Problem » Wherever a line holds the word "left", copy that line from the data.

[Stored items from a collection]
━━━━━━━━━━━━━━━━━━━━

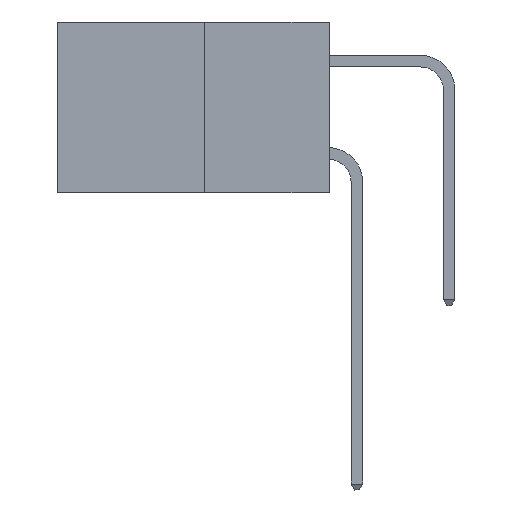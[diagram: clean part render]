
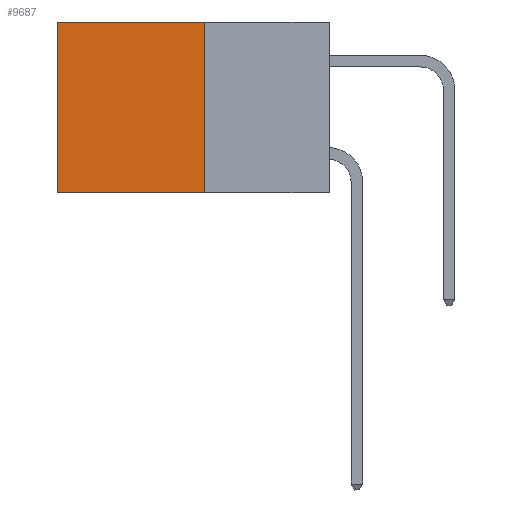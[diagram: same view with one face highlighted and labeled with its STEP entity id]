
A CAD part, left-side view. The second image highlights one B-rep face of the part: STEP entity #9687.
In plain terms, the highlighted planar face has unit normal (-1, 0, 0).
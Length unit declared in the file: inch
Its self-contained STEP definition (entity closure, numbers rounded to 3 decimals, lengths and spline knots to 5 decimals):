
#66 = DIRECTION ( 'NONE',  ( 0., 1., 0. ) ) ;
#263 = CARTESIAN_POINT ( 'NONE',  ( 0.277, 0.59, -0.37 ) ) ;
#1091 = EDGE_CURVE ( 'NONE', #7032, #1126, #8032, .T. ) ;
#1126 = VERTEX_POINT ( 'NONE', #19029 ) ;
#1264 = DIRECTION ( 'NONE',  ( 1., 0., 0. ) ) ;
#1345 = VECTOR ( 'NONE', #16827, 39.37008 ) ;
#1871 = LINE ( 'NONE', #263, #1345 ) ;
#2311 = CARTESIAN_POINT ( 'NONE',  ( 0.277, 0.27, -0.37 ) ) ;
#2446 = DIRECTION ( 'NONE',  ( 0., 0., -1. ) ) ;
#2527 = CARTESIAN_POINT ( 'NONE',  ( 0.277, 0.27, 0. ) ) ;
#3333 = VECTOR ( 'NONE', #12717, 39.37008 ) ;
#4180 = CARTESIAN_POINT ( 'NONE',  ( 0.277, 0.59, -0.37 ) ) ;
#4250 = EDGE_CURVE ( 'NONE', #7032, #7895, #21019, .T. ) ;
#4643 = DIRECTION ( 'NONE',  ( 0., 1., 0. ) ) ;
#4695 = AXIS2_PLACEMENT_3D ( 'NONE', #2311, #1264, #2446 ) ;
#5146 = CARTESIAN_POINT ( 'NONE',  ( 0.277, 0.27, 0. ) ) ;
#7032 = VERTEX_POINT ( 'NONE', #5146 ) ;
#7177 = EDGE_CURVE ( 'NONE', #7895, #7956, #20109, .T. ) ;
#7895 = VERTEX_POINT ( 'NONE', #18321 ) ;
#7956 = VERTEX_POINT ( 'NONE', #4180 ) ;
#8032 = LINE ( 'NONE', #2527, #16183 ) ;
#8605 = EDGE_CURVE ( 'NONE', #1126, #7956, #1871, .T. ) ;
#9687 = ADVANCED_FACE ( 'NONE', ( #14808 ), #20031, .F. ) ;
#9862 = EDGE_LOOP ( 'NONE', ( #13265, #20688, #12782, #20088 ) ) ;
#12717 = DIRECTION ( 'NONE',  ( 0., 0., -1. ) ) ;
#12782 = ORIENTED_EDGE ( 'NONE', *, *, #4250, .F. ) ;
#13265 = ORIENTED_EDGE ( 'NONE', *, *, #8605, .T. ) ;
#14227 = CARTESIAN_POINT ( 'NONE',  ( 0.277, 0.27, -0.37 ) ) ;
#14808 = FACE_OUTER_BOUND ( 'NONE', #9862, .T. ) ;
#16183 = VECTOR ( 'NONE', #4643, 39.37008 ) ;
#16827 = DIRECTION ( 'NONE',  ( 0., 0., -1. ) ) ;
#18321 = CARTESIAN_POINT ( 'NONE',  ( 0.277, 0.27, -0.37 ) ) ;
#19029 = CARTESIAN_POINT ( 'NONE',  ( 0.277, 0.59, 0. ) ) ;
#19594 = VECTOR ( 'NONE', #66, 39.37008 ) ;
#20031 = PLANE ( 'NONE',  #4695 ) ;
#20088 = ORIENTED_EDGE ( 'NONE', *, *, #1091, .T. ) ;
#20109 = LINE ( 'NONE', #14227, #19594 ) ;
#20688 = ORIENTED_EDGE ( 'NONE', *, *, #7177, .F. ) ;
#21019 = LINE ( 'NONE', #21206, #3333 ) ;
#21206 = CARTESIAN_POINT ( 'NONE',  ( 0.277, 0.27, -0.37 ) ) ;
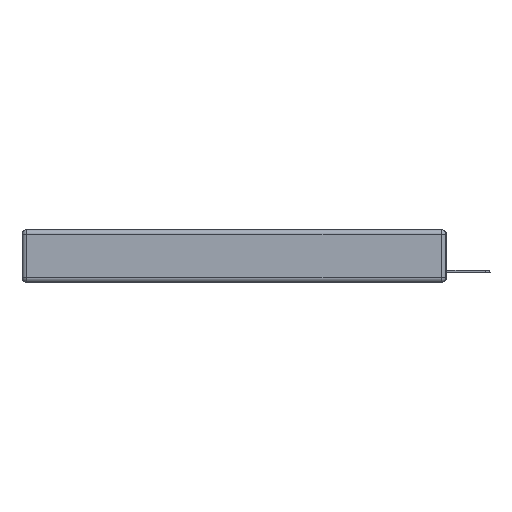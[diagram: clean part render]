
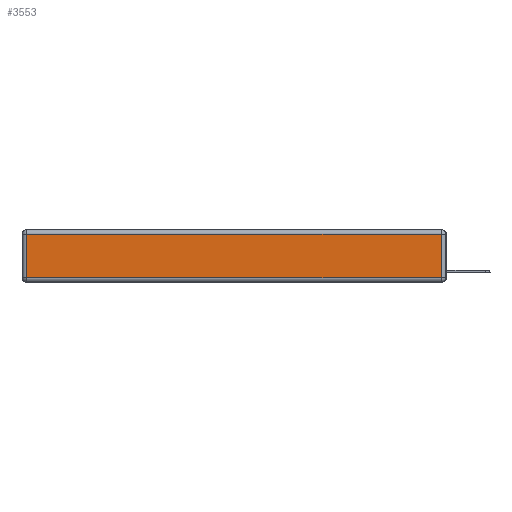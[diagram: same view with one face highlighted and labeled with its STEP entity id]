
A CAD part, left-side view. The second image highlights one B-rep face of the part: STEP entity #3553.
In plain terms, the highlighted planar face has unit normal (-1, 0, 0).
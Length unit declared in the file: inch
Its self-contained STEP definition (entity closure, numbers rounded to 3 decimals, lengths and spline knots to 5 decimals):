
#141 = EDGE_CURVE ( 'NONE', #3815, #1691, #16448, .T. ) ;
#875 = AXIS2_PLACEMENT_3D ( 'NONE', #17922, #1843, #11953 ) ;
#892 = CARTESIAN_POINT ( 'NONE',  ( 0., 2.72, -0.03 ) ) ;
#940 = VECTOR ( 'NONE', #15181, 39.37008 ) ;
#1691 = VERTEX_POINT ( 'NONE', #14528 ) ;
#1843 = DIRECTION ( 'NONE',  ( -1., 0., 0. ) ) ;
#1899 = VERTEX_POINT ( 'NONE', #13371 ) ;
#3553 = ADVANCED_FACE ( 'NONE', ( #16229 ), #10438, .T. ) ;
#3815 = VERTEX_POINT ( 'NONE', #892 ) ;
#4375 = VECTOR ( 'NONE', #5449, 39.37008 ) ;
#4399 = CARTESIAN_POINT ( 'NONE',  ( 0., 0.03, -0.03 ) ) ;
#4831 = LINE ( 'NONE', #9774, #4375 ) ;
#5449 = DIRECTION ( 'NONE',  ( 0., -1., 0. ) ) ;
#6259 = EDGE_CURVE ( 'NONE', #1899, #10612, #18448, .T. ) ;
#6310 = CARTESIAN_POINT ( 'NONE',  ( 0., 0.03, -0.343 ) ) ;
#6755 = ORIENTED_EDGE ( 'NONE', *, *, #8213, .T. ) ;
#8213 = EDGE_CURVE ( 'NONE', #10612, #3815, #9192, .T. ) ;
#8480 = EDGE_LOOP ( 'NONE', ( #17977, #10049, #6755, #12399 ) ) ;
#9192 = LINE ( 'NONE', #11670, #17222 ) ;
#9774 = CARTESIAN_POINT ( 'NONE',  ( 0., 0., -0.313 ) ) ;
#10049 = ORIENTED_EDGE ( 'NONE', *, *, #6259, .T. ) ;
#10438 = PLANE ( 'NONE',  #875 ) ;
#10612 = VERTEX_POINT ( 'NONE', #4399 ) ;
#11670 = CARTESIAN_POINT ( 'NONE',  ( 0., 2.75, -0.03 ) ) ;
#11953 = DIRECTION ( 'NONE',  ( 0., 0., 1. ) ) ;
#12399 = ORIENTED_EDGE ( 'NONE', *, *, #141, .T. ) ;
#13371 = CARTESIAN_POINT ( 'NONE',  ( 0., 0.03, -0.313 ) ) ;
#13753 = CARTESIAN_POINT ( 'NONE',  ( 0., 2.72, -0.343 ) ) ;
#14528 = CARTESIAN_POINT ( 'NONE',  ( 0., 2.72, -0.313 ) ) ;
#15181 = DIRECTION ( 'NONE',  ( 0., 0., -1. ) ) ;
#16083 = DIRECTION ( 'NONE',  ( 0., 1., 0. ) ) ;
#16229 = FACE_OUTER_BOUND ( 'NONE', #8480, .T. ) ;
#16448 = LINE ( 'NONE', #13753, #940 ) ;
#16545 = DIRECTION ( 'NONE',  ( 0., 0., 1. ) ) ;
#17222 = VECTOR ( 'NONE', #16083, 39.37008 ) ;
#17922 = CARTESIAN_POINT ( 'NONE',  ( 0., 0., -0.343 ) ) ;
#17976 = VECTOR ( 'NONE', #16545, 39.37008 ) ;
#17977 = ORIENTED_EDGE ( 'NONE', *, *, #18511, .T. ) ;
#18448 = LINE ( 'NONE', #6310, #17976 ) ;
#18511 = EDGE_CURVE ( 'NONE', #1691, #1899, #4831, .T. ) ;
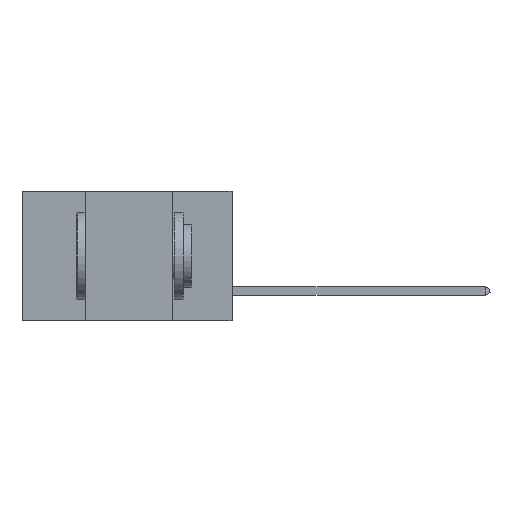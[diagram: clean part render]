
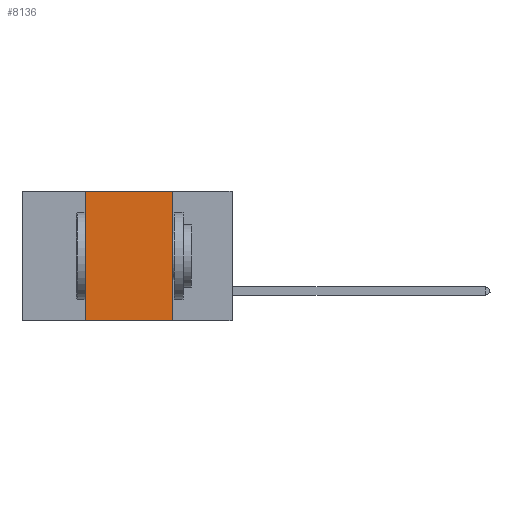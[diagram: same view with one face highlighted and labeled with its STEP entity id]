
A CAD part, left-side view. The second image highlights one B-rep face of the part: STEP entity #8136.
In plain terms, the highlighted planar face has unit normal (-1, 0, 0).
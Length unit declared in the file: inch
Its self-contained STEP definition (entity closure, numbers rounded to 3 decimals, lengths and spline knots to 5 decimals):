
#1 = EDGE_CURVE ( 'NONE', #1358, #10525, #8776, .T. ) ;
#532 = CARTESIAN_POINT ( 'NONE',  ( 0., 0.17, 0. ) ) ;
#755 = VECTOR ( 'NONE', #14215, 39.37008 ) ;
#958 = LINE ( 'NONE', #5537, #755 ) ;
#1358 = VERTEX_POINT ( 'NONE', #14318 ) ;
#1823 = PLANE ( 'NONE',  #13220 ) ;
#3521 = ORIENTED_EDGE ( 'NONE', *, *, #13763, .F. ) ;
#3532 = EDGE_CURVE ( 'NONE', #14929, #4158, #11047, .T. ) ;
#3903 = DIRECTION ( 'NONE',  ( 0., 0., 1. ) ) ;
#4158 = VERTEX_POINT ( 'NONE', #5883 ) ;
#4234 = DIRECTION ( 'NONE',  ( 1., 0., 0. ) ) ;
#5418 = VECTOR ( 'NONE', #3903, 39.37008 ) ;
#5537 = CARTESIAN_POINT ( 'NONE',  ( 0., 0.6, 0. ) ) ;
#5779 = EDGE_CURVE ( 'NONE', #1358, #4158, #10835, .T. ) ;
#5883 = CARTESIAN_POINT ( 'NONE',  ( 0., 0.17, -0.37 ) ) ;
#6129 = VECTOR ( 'NONE', #7503, 39.37008 ) ;
#7457 = ORIENTED_EDGE ( 'NONE', *, *, #3532, .F. ) ;
#7503 = DIRECTION ( 'NONE',  ( 0., -1., 0. ) ) ;
#7531 = CARTESIAN_POINT ( 'NONE',  ( 0., 0.42, 0. ) ) ;
#8136 = ADVANCED_FACE ( 'NONE', ( #10187 ), #1823, .F. ) ;
#8776 = LINE ( 'NONE', #11343, #5418 ) ;
#9298 = DIRECTION ( 'NONE',  ( 0., 0., -1. ) ) ;
#9306 = CARTESIAN_POINT ( 'NONE',  ( 0., 0.6, 0. ) ) ;
#10187 = FACE_OUTER_BOUND ( 'NONE', #15603, .T. ) ;
#10525 = VERTEX_POINT ( 'NONE', #7531 ) ;
#10835 = LINE ( 'NONE', #14876, #6129 ) ;
#11047 = LINE ( 'NONE', #532, #15763 ) ;
#11343 = CARTESIAN_POINT ( 'NONE',  ( 0., 0.42, 0. ) ) ;
#12610 = ORIENTED_EDGE ( 'NONE', *, *, #5779, .T. ) ;
#13000 = DIRECTION ( 'NONE',  ( 0., 0., -1. ) ) ;
#13220 = AXIS2_PLACEMENT_3D ( 'NONE', #9306, #4234, #13000 ) ;
#13763 = EDGE_CURVE ( 'NONE', #10525, #14929, #958, .T. ) ;
#14215 = DIRECTION ( 'NONE',  ( 0., -1., 0. ) ) ;
#14318 = CARTESIAN_POINT ( 'NONE',  ( 0., 0.42, -0.37 ) ) ;
#14876 = CARTESIAN_POINT ( 'NONE',  ( 0., 0.6, -0.37 ) ) ;
#14929 = VERTEX_POINT ( 'NONE', #15766 ) ;
#15603 = EDGE_LOOP ( 'NONE', ( #7457, #3521, #15996, #12610 ) ) ;
#15763 = VECTOR ( 'NONE', #9298, 39.37008 ) ;
#15766 = CARTESIAN_POINT ( 'NONE',  ( 0., 0.17, 0. ) ) ;
#15996 = ORIENTED_EDGE ( 'NONE', *, *, #1, .F. ) ;

━━━━━━━━━━━━━━━━━━━━

Response to the exercise »
A CAD part, left-side view. The second image highlights one B-rep face of the part: STEP entity #9687.
A CAD part, left-side view. The second image highlights one B-rep face of the part: STEP entity #3553.
A CAD part, left-side view. The second image highlights one B-rep face of the part: STEP entity #8136.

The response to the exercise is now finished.